# I drove a big horse for the first time



## Marsha Cassada (Jun 8, 2010)

My sister got a new horse and asked me to help her when she put him in the cart for the first time. She was using a 2 wheel wooden cart (nice!). The harness she had was for a smaller horse, so didnt' fit exactly right, but was doable. The cart was really suitable for a smaller horse also.

At first I walked beside with the lead rope and she drove. Then we made a few harness adjustments and I asked her to walk beside and see how everything was looking. So she walked and I drove. Oh my! So much different than a little horse!!!




For one thing, the cart seat was lower than his back and I couldn't figure how how to keep the reins up high enough. And, of course, the sense of power and potential was greater.

I did like her harness. It had the rein rings on the neck strap. The cart had footman loops, and we weren't exactly sure if the traces ran through those or not. She thought they did. She liked the overcheck strapping across the nose but I talked her into taking it off--if the loose check flapped against his neck he might not like it, and it really wasn't long enough to attach loosely to the saddle.

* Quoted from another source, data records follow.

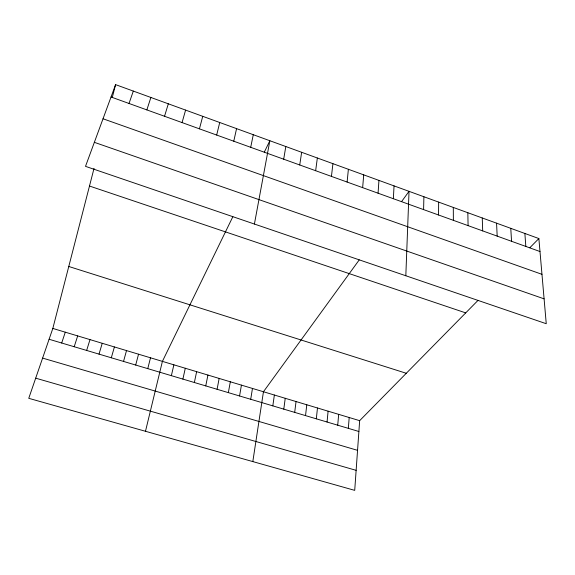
<?xml version="1.0" encoding="UTF-8"?>
<svg xmlns="http://www.w3.org/2000/svg" width="575" height="575" viewBox="0 0 575 575"><rect width="100%" height="100%" fill="white"/><g stroke="black" fill="none" stroke-linecap="round" stroke-linejoin="round"><path stroke-width="0.86" d="M438.545 214.993L438.653 202.112M423.603 209.609L423.897 196.751M405.821 275.756L409.033 191.338L401.594 201.581M393.365 198.713L394.048 185.89M378.07 193.2L378.947 180.399M477.969 300.438L359.655 420.663L354.717 490.367L28.75 398.317L52.828 328.44L94.034 168.374M348.335 428.353L349.197 417.515M362.645 187.644L363.723 174.865M337.719 425.198L338.675 414.359M327.053 422.021L328.102 411.175M347.106 182.045L348.385 169.287M316.322 418.823L317.472 407.984M305.533 415.61L306.784 404.771M331.444 176.403L332.925 163.667M294.695 412.383L296.039 401.544M283.784 409.134L285.236 398.295M315.653 170.718L317.35 158.003M272.823 405.871L274.368 395.032M299.733 164.982L301.645 152.289M252.82 461.596L263.451 391.747L359.238 259.886M250.714 399.287L252.468 388.448M283.691 159.196L285.811 146.532M239.567 395.974L241.428 385.128M228.354 392.632L230.323 381.793M254.409 224.042L269.855 140.731L264.313 152.116M217.084 389.282L219.154 378.436M205.749 385.904L207.934 375.058M250.707 147.315L253.28 134.701M194.357 382.512L196.643 371.666M182.893 379.098L185.294 368.259M233.766 141.213L236.569 128.627M171.364 375.669L173.88 364.823M216.674 135.053L219.722 122.497M145.489 431.279L162.402 361.373L232.846 216.717M147.768 368.64L150.506 357.801M112.319 97.347L115.589 84.633L538.868 238.553L546.25 323.718L85.51 166.355L115.589 84.633M135.686 365.046L138.546 354.207M199.446 128.843L202.731 116.323M123.532 361.423L126.514 350.592M182.067 122.583L185.596 110.091M111.306 357.787L114.411 346.955M99.015 354.128L102.235 343.297M164.536 116.272L168.317 103.802M86.645 350.441L89.995 339.617M74.204 346.739L77.675 335.915M146.855 109.897L150.887 97.47M61.69 343.009L65.284 332.185M129.023 103.478L133.314 91.08M529.798 247.768L538.868 238.553M35.693 378.17L356.133 470.336M42.608 358.103L357.557 450.333M49.098 339.264L358.886 431.494M52.828 328.44L359.655 420.663M68.777 266.484L406.288 373.276M89.484 186.034L465.714 312.886M94.35 142.327L544.094 298.849M103.018 118.773L541.966 274.325M111.04 96.995L539.99 251.541M524.874 233.464L525.83 246.438M510.772 228.34L511.556 241.299M496.563 223.172L497.181 236.117M482.253 217.968L482.691 230.898M467.834 212.721L468.086 225.637M453.301 207.438L453.373 220.333"/></g></svg>
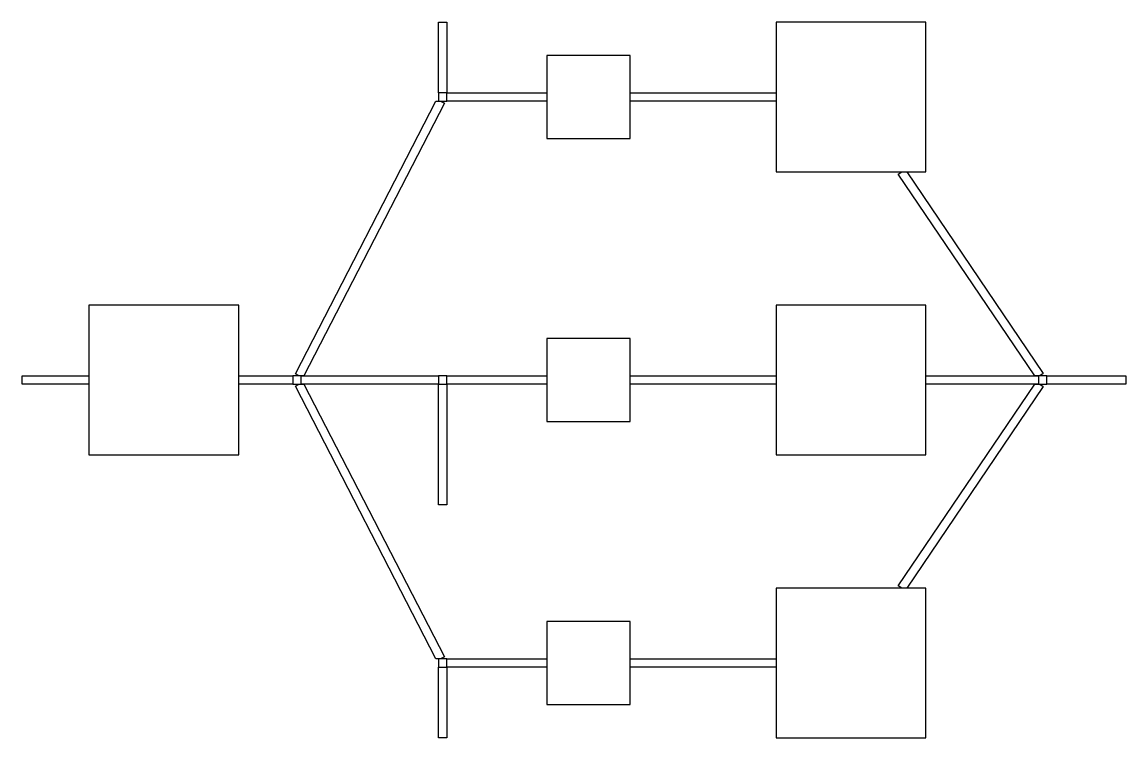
# Model space of a CAD drawing. Header units: millimetres. Extents: x 1.6 to 28.1, y 1.4 to 18.6.
import ezdxf

# ---------------------------------------------------------------- set-up
doc = ezdxf.new("R2010")
doc.units = ezdxf.units.MM
doc.layers.add('CHAMBERS', color=5, linetype='CONTINUOUS')
doc.layers.add('CHANNELS', color=3, linetype='CONTINUOUS')

msp = doc.modelspace()

# ---------------------------------------------------------------- linework, layer by layer
at = {"layer": 'CHAMBERS'}
for points in [[(19.7, 15), (23.3, 15), (23.3, 18.6), (19.7, 18.6)], [(14.2, 15.8), (16.2, 15.8), (16.2, 17.8), (14.2, 17.8)], [(11.6, 16.7), (11.8, 16.7), (11.8, 16.9), (11.6, 16.9)], [(3.2, 8.2), (6.8, 8.2), (6.8, 11.8), (3.2, 11.8)], [(19.7, 8.2), (23.3, 8.2), (23.3, 11.8), (19.7, 11.8)], [(14.2, 9), (16.2, 9), (16.2, 11), (14.2, 11)], [(8.1, 9.9), (8.3, 9.9), (8.3, 10.1), (8.1, 10.1)], [(11.6, 9.9), (11.8, 9.9), (11.8, 10.1), (11.6, 10.1)], [(26, 9.9), (26.2, 9.9), (26.2, 10.1), (26, 10.1)], [(19.7, 1.4), (23.3, 1.4), (23.3, 5), (19.7, 5)], [(14.2, 2.2), (16.2, 2.2), (16.2, 4.2), (14.2, 4.2)], [(11.6, 3.1), (11.8, 3.1), (11.8, 3.3), (11.6, 3.3)]]:
    msp.add_lwpolyline(points, close=True, dxfattribs=at)
at = {"layer": 'CHANNELS'}
for points in [[(11.8, 18.6), (11.8, 16.9), (11.6, 16.9), (11.6, 18.6)], [(8.2515, 10.1), (8.1626, 10.1458), (11.5361, 16.7), (11.6485, 16.7), (11.7374, 16.6542), (8.3639, 10.1)], [(11.8, 16.9), (14.2, 16.9), (14.2, 16.7), (11.8, 16.7)], [(16.2, 16.9), (19.7, 16.9), (19.7, 16.7), (16.2, 16.7)], [(22.7176, 15), (22.8384, 15), (26.1152, 10.156), (26.0324, 10.1), (25.9116, 10.1), (22.6348, 14.944)], [(1.6, 10.1), (3.2, 10.1), (3.2, 9.9), (1.6, 9.9)], [(6.8, 10.1), (8.1, 10.1), (8.1, 9.9), (6.8, 9.9)], [(8.3, 10.1), (11.6, 10.1), (11.6, 9.9), (8.3, 9.9)], [(11.8, 10.1), (14.2, 10.1), (14.2, 9.9), (11.8, 9.9)], [(16.2, 10.1), (19.7, 10.1), (19.7, 9.9), (16.2, 9.9)], [(23.3, 10.1), (26, 10.1), (26, 9.9), (23.3, 9.9)], [(26.2, 10.1), (28.1, 10.1), (28.1, 9.9), (26.2, 9.9)], [(8.2515, 9.9), (8.3639, 9.9), (11.7374, 3.3458), (11.6485, 3.3), (11.5361, 3.3), (8.1626, 9.8542)], [(11.6, 7), (11.6, 9.9), (11.8, 9.9), (11.8, 7)], [(22.7176, 5), (22.6348, 5.056), (25.9116, 9.9), (26.0324, 9.9), (26.1152, 9.844), (22.8384, 5)], [(11.8, 3.3), (14.2, 3.3), (14.2, 3.1), (11.8, 3.1)], [(16.2, 3.3), (19.7, 3.3), (19.7, 3.1), (16.2, 3.1)], [(11.6, 1.4), (11.6, 3.1), (11.8, 3.1), (11.8, 1.4)]]:
    msp.add_lwpolyline(points, close=True, dxfattribs=at)

doc.saveas('drawing.dxf')
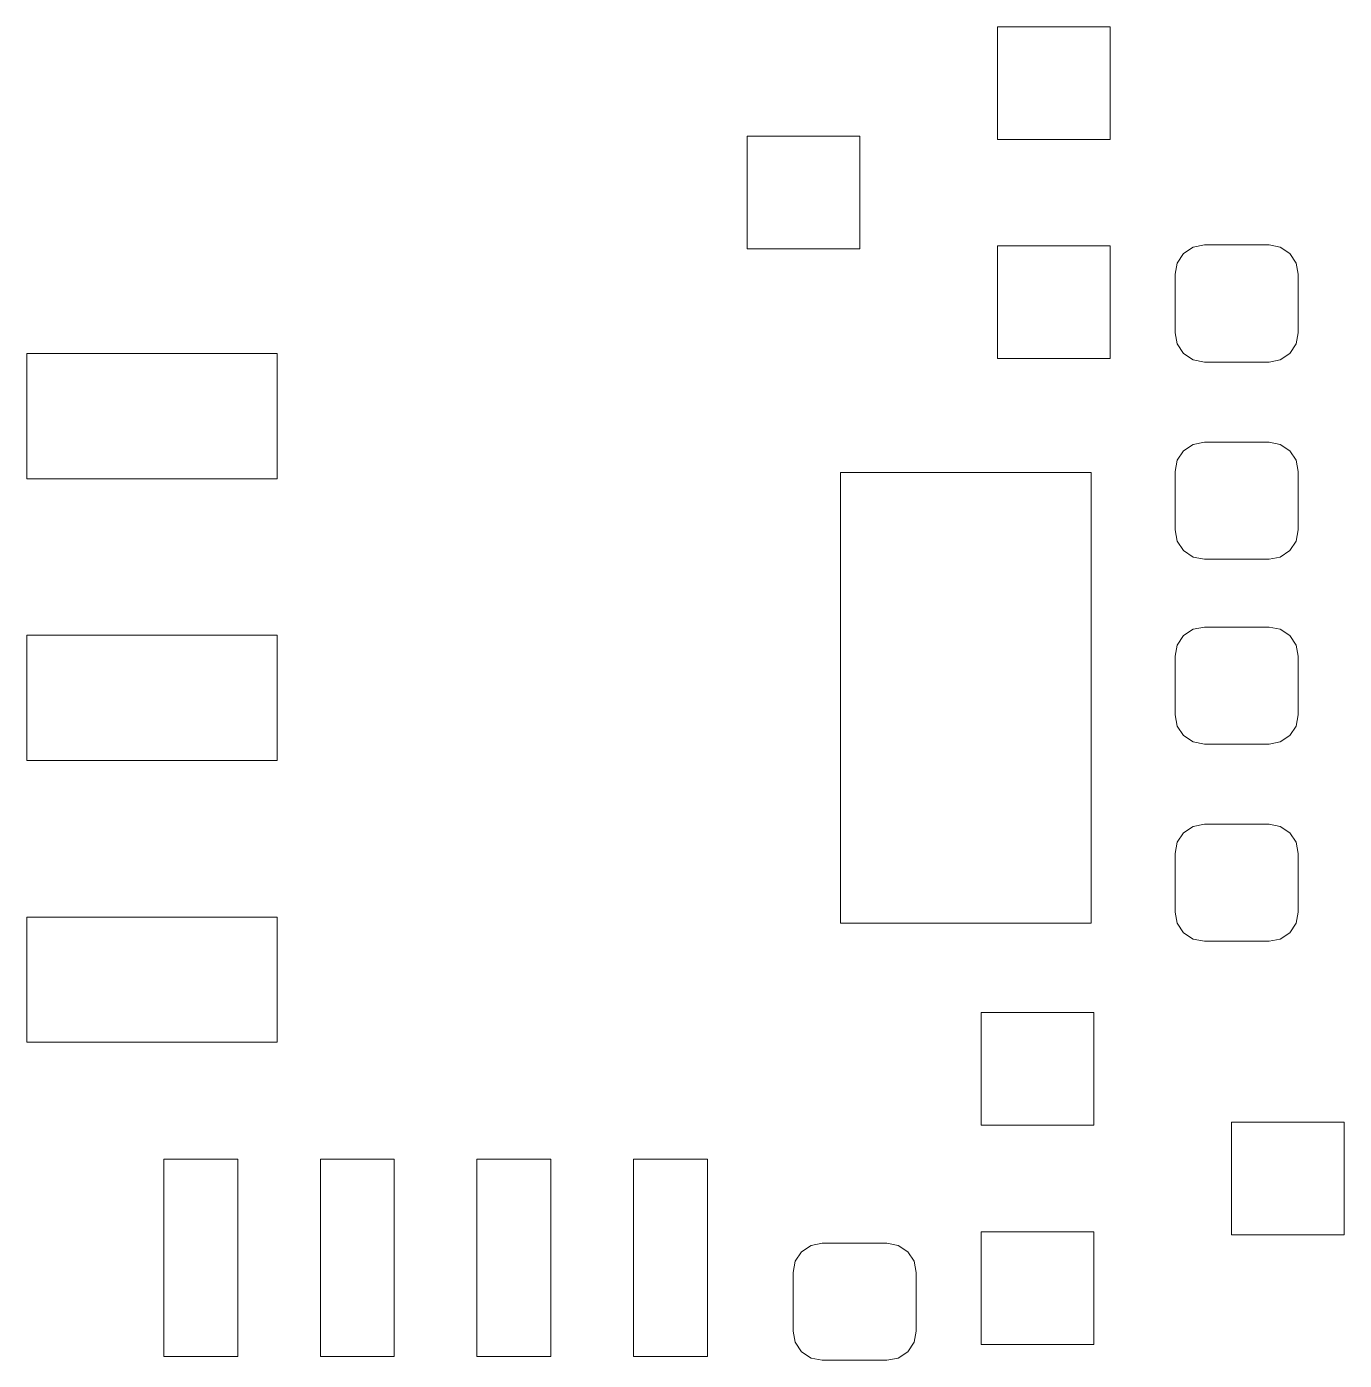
# Model space of a CAD drawing. Header units: millimetres. Extents: x -38 to 35, y -96 to 126.
# Drawn here: x -26.95 to -16.26, y 64.52 to 75.34 of the extents above; entities that cross this region are included whole.
import ezdxf

# ---------------------------------------------------------------- set-up
doc = ezdxf.new("R2010")
doc.units = ezdxf.units.MM
doc.header["$MEASUREMENT"] = 0
doc.layers.add('Layer 1', color=7, linetype='Continuous')

msp = doc.modelspace()

# ---------------------------------------------------------------- linework, layer by layer
at = {"layer": 'Layer 1', "lineweight": 9}
for points, knots in [([(-18.1571, 75.3402), (-18.1571, 75.3402), (-19.0715, 75.3402), (-19.0715, 75.3402), (-19.0715, 75.3402), (-19.0715, 75.3402), (-19.0715, 74.4258), (-19.0715, 74.4258), (-19.0715, 74.4258), (-19.0715, 74.4258), (-18.1571, 74.4258), (-18.1571, 74.4258), (-18.1571, 74.4258), (-18.1571, 74.4258), (-18.1571, 75.3402), (-18.1571, 75.3402)], [0, 0, 0, 0, 0.2, 0.2, 0.2, 0.2, 0.4, 0.4, 0.4, 0.4, 0.6, 0.6, 0.6, 0.6, 1, 1, 1, 1]), ([(-20.1891, 74.4512), (-20.1891, 74.4512), (-21.1035, 74.4512), (-21.1035, 74.4512), (-21.1035, 74.4512), (-21.1035, 74.4512), (-21.1035, 73.5368), (-21.1035, 73.5368), (-21.1035, 73.5368), (-21.1035, 73.5368), (-20.1891, 73.5368), (-20.1891, 73.5368), (-20.1891, 73.5368), (-20.1891, 73.5368), (-20.1891, 74.4512), (-20.1891, 74.4512)], [0, 0, 0, 0, 0.2, 0.2, 0.2, 0.2, 0.4, 0.4, 0.4, 0.4, 0.6, 0.6, 0.6, 0.6, 1, 1, 1, 1]), ([(-18.1571, 73.5622), (-18.1571, 73.5622), (-19.0715, 73.5622), (-19.0715, 73.5622), (-19.0715, 73.5622), (-19.0715, 73.5622), (-19.0715, 72.6478), (-19.0715, 72.6478), (-19.0715, 72.6478), (-19.0715, 72.6478), (-18.1571, 72.6478), (-18.1571, 72.6478), (-18.1571, 72.6478), (-18.1571, 72.6478), (-18.1571, 73.5622), (-18.1571, 73.5622)], [0, 0, 0, 0, 0.2, 0.2, 0.2, 0.2, 0.4, 0.4, 0.4, 0.4, 0.6, 0.6, 0.6, 0.6, 1, 1, 1, 1]), ([(-17.3928, 73.569), (-17.3928, 73.569), (-17.4837, 73.5509), (-17.4837, 73.5509), (-17.4837, 73.5509), (-17.4837, 73.5509), (-17.5607, 73.4994), (-17.5607, 73.4994), (-17.5607, 73.4994), (-17.5607, 73.4994), (-17.6122, 73.4224), (-17.6122, 73.4224), (-17.6122, 73.4224), (-17.6122, 73.4224), (-17.6303, 73.3315), (-17.6303, 73.3315), (-17.6303, 73.3315), (-17.6303, 73.3315), (-17.6303, 72.8565), (-17.6303, 72.8565), (-17.6303, 72.8565), (-17.6303, 72.8565), (-17.6122, 72.7656), (-17.6122, 72.7656), (-17.6122, 72.7656), (-17.6122, 72.7656), (-17.5607, 72.6886), (-17.5607, 72.6886), (-17.5607, 72.6886), (-17.5607, 72.6886), (-17.4837, 72.6371), (-17.4837, 72.6371), (-17.4837, 72.6371), (-17.4837, 72.6371), (-17.3928, 72.619), (-17.3928, 72.619), (-17.3928, 72.619), (-17.3928, 72.619), (-16.8678, 72.619), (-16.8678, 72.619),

Very interesting for me to sit behind a big horse in the cart. I could probably get to like it, but I'm very satisfied with my little ones.


----------



## hobbyhorse23 (Jun 8, 2010)

Congratulations! Driving big horses is definitely different. I started my driving career with my Arab when I was in my mid-teens and that ended badly when he had a flashback to a previous cart accident we didn't know about and took off the first time we drove at a show arena. (Thankfully we were only using the arena and there was no one else there.) Neither he nor I was comfortable around carts for many years after that but Kody got me used to it again in a way that felt safe and eventually worked me up to handling his good-natured rearing, bucking and occasional bolting without my gut clenching up in fear. It took me longer to be able to handle a big horse reacting similarly to how the Arab had done right before he bolted but I got there and since then have driven a Fjord, a Welsh, a pair of Hackney cross ponies, a pair of Friesians (talk about steering a bus!



) and of course quite a few minis in single, pair and tandem. The smaller minis really do feel underpowered after driving a larger horse (at least mine does) but the equipment is so much easier to handle it isn't even funny and they often make up for their size with their sheer enthusiasm for the work. I think my compromise would be a nice sturdy Welsh or something of a similar size- big enough to not blink at passengers and hills and deep footing but small enough I can still drop the harness easily over his back. Actually I found my ideal horse just a couple of days ago- a Welsh/Andalusian cross!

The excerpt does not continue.